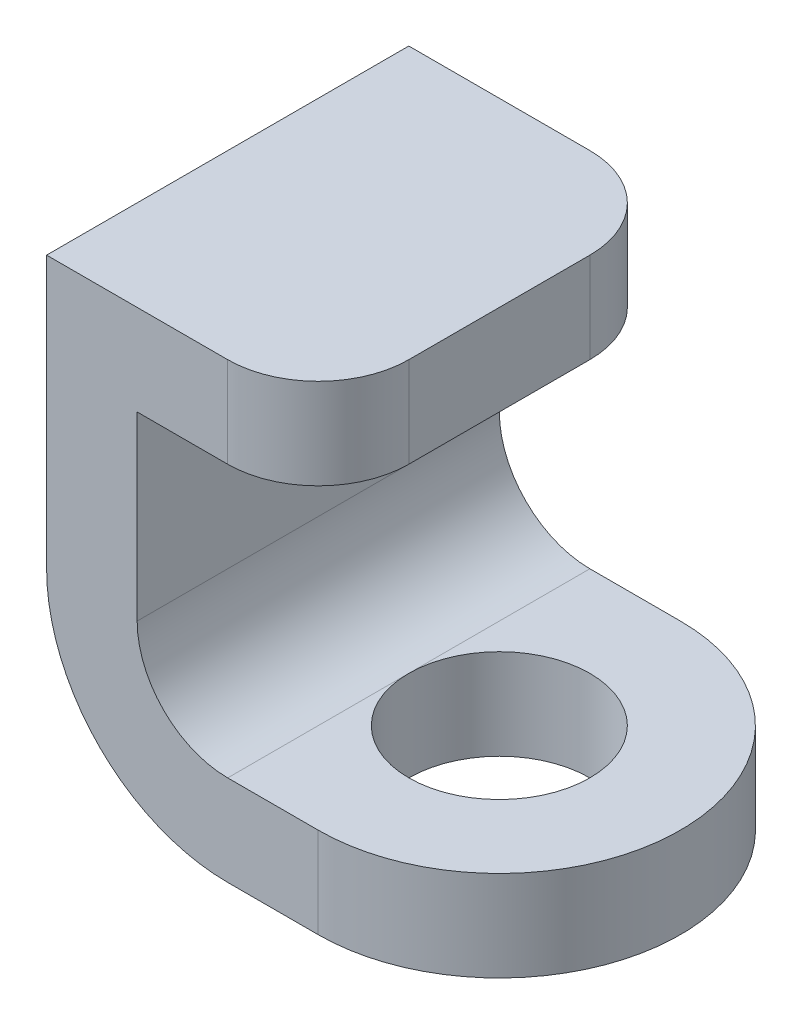
from build123d import *

# Parameters (mm, degrees)
SKETCH_1_R      = 1
EXTRUDE_1_DEPTH = 1
SKETCH_1_3_W    = 1
SKETCH_1_3_H    = 4
EXTRUDE_2_DEPTH = 5
SKETCH_2_W      = 4
SKETCH_2_H      = 1
EXTRUDE_3_DEPTH = 2
FILLET_1_R      = 1
FILLET_2_R      = 2
FILLET_3_R      = 1


with BuildPart() as part:
    # 草圖1 → 填料-伸長1 (new body)
    with BuildSketch(Plane(origin=(0, 0, 0), x_dir=(1, 0, 0), z_dir=(0, 1, 0))):
        with BuildLine():
            ThreePointArc((0, -2), (2, 0), (0, 2))
            Line((0, 2), (-2, 2))
            Line((-2, 2), (-2, -2))
            Line((-2, -2), (0, -2))
        make_face()
        with Locations(Location((0, 0, 0), (0, 0, 270))):
            Circle(SKETCH_1_R, mode=Mode.SUBTRACT)
    extrude(amount=EXTRUDE_1_DEPTH)

    # 草圖1<3> → 填料-伸長2 (add)
    with BuildSketch(Plane(origin=(0, 0, 0), x_dir=(1, 0, 0), z_dir=(0, 1, 0))):
        with Locations((-2.5, 0)):
            Rectangle(SKETCH_1_3_W, SKETCH_1_3_H)
    extrude(amount=EXTRUDE_2_DEPTH)

    # 草圖2 → 填料-伸長3 (add)
    with BuildSketch(Plane(origin=(-2, 0, 0), x_dir=(0, 0, -1), z_dir=(1, 0, 0))):
        with Locations((0, 4.5)):
            Rectangle(SKETCH_2_W, SKETCH_2_H)
    extrude(amount=EXTRUDE_3_DEPTH)

    # 圓角1
    fillet_1_edges = [part.edges().sort_by_distance(p)[0] for p in [
        (0, 4.5, 2),
        (0, 4.5, -2),
    ]]
    fillet(fillet_1_edges, radius=FILLET_1_R)

    # 圓角2
    fillet_2_edges = [part.edges().sort_by_distance(p)[0] for p in [
        (-3, 0, 0),
    ]]
    fillet(fillet_2_edges, radius=FILLET_2_R)

    # 圓角3
    fillet_3_edges = [part.edges().sort_by_distance(p)[0] for p in [
        (-2, 1, 0),
    ]]
    fillet(fillet_3_edges, radius=FILLET_3_R - 0.0001)  # a hair under: the kernel refuses the full size


solid = part.part
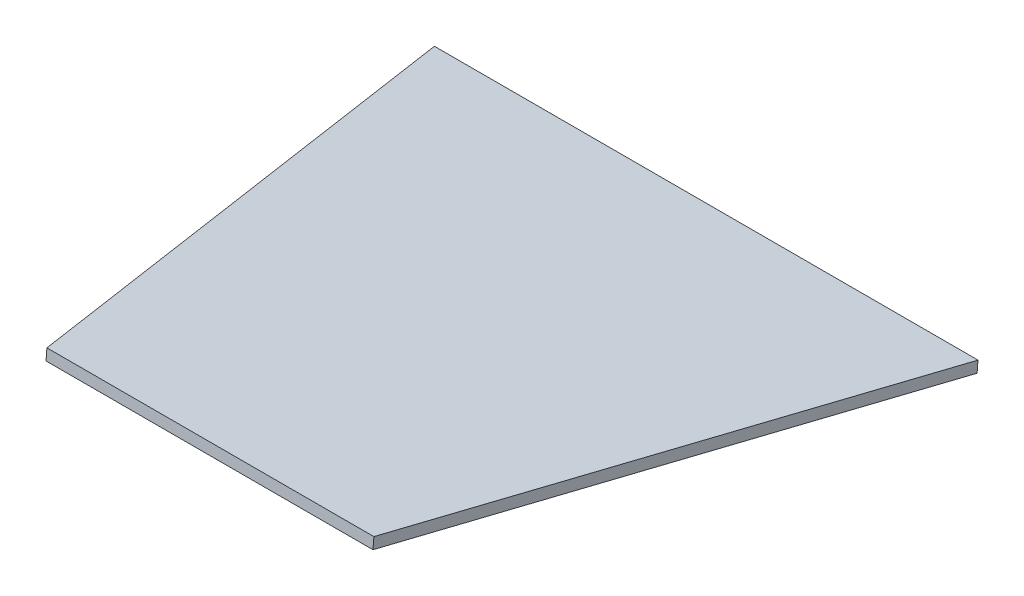
from build123d import *

# Parameters (mm, degrees)
BOSS_EXTRUDE1_DEPTH = 12.7


with BuildPart() as part:
    # Sketch1 → Boss-Extrude1 (new body)
    with BuildSketch(Plane(origin=(-0.000104733, -1306.632218262, 107.788623128), x_dir=(-0.9999999999999969, 7.961414168714261e-08, -6.567661367452002e-09), z_dir=(-7.988457756299226e-08, -0.9966146823530275, 0.08221420143970214))):
        Polygon((927.932358905, -1893.28840213), (1306.839320025, -1893.28840213), (1432.352062753, -1316.739819061), (802.419616177, -1316.739819061), align=None)
    extrude(amount=BOSS_EXTRUDE1_DEPTH)


solid = part.part

# Your assignment
Give the count of lines above that include the word "BuildSketch", stating no other information.

# Exercise result
4